The question, from an educational point of view, is how can you fight this? How can you make sure that dangerous knowledge is kept to a minimum?
One way is to instil into students from a very young age the sense of curiosity and wonderment. I remember reading somewhere about someone who as a kid opened up a book, and read about some problem, then started to work backwards to obtain all the knowledge necessary for understanding it better. It could have been Feynman or Wiles, I am not sure, and it doesn't matter. The point is that when coming across dangerous knowledge, the protagonist of that story "defused" the danger by starting to go backwards and learning the necessary framework.
In today's modern era, where everything needs to be a click-bait-bite-size-immediately-satisfying thing, the above is difficult.

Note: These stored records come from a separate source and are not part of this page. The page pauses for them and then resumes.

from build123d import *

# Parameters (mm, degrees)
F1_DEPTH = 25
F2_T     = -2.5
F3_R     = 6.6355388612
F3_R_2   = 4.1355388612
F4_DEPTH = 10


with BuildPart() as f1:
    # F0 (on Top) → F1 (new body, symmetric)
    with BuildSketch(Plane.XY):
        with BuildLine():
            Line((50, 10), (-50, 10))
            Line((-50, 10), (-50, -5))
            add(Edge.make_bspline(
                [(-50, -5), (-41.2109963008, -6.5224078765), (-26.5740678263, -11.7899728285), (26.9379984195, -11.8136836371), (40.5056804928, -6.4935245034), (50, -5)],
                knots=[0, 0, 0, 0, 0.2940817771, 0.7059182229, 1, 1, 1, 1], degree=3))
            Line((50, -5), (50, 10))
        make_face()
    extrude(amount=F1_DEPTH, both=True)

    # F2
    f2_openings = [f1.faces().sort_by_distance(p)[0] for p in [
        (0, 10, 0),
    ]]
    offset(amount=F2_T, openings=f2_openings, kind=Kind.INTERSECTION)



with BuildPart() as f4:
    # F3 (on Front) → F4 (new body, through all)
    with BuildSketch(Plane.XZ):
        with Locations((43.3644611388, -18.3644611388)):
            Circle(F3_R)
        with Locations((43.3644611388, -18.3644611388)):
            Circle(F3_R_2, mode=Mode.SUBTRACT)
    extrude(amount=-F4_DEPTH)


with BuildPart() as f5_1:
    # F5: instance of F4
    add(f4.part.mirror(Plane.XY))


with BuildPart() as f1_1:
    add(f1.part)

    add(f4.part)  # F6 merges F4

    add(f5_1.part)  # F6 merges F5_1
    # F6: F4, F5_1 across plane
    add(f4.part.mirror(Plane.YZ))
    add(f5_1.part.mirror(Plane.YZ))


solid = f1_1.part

It is hard to make sure that people actually sit down to read. People want the information they feel is missing, and not a long list of information they are actually missing. And not to mention that re-educating the whole planet seems like a fairly Herculean task.
But I do think that at least in academia this is possible. It should be possible to try and educate students about this. I think it is important, especially in natural sciences, where there are good chances that the students will go on to research later (either in academia, or elsewhere) to remember this. Because having dangerous knowledge can affect the way you perceive your actual knowledge. It can re-frame your knowledge incorrectly, or shift the importance of something you are currently learning (or about to) from one side of the picture to another, and not necessarily in a good way.
Another option is to educate people about the existence and dangers of dangerous knowledge. Once you are aware that learning something in an unstructured way can be problematic, you can put this knowledge in check automatically, reminding to yourself that you need to know more in order to fully appreciate some anecdotal piece of information that you read online, and heard about. This can also motivate you to go and actually study more about something, which is always a good outcome.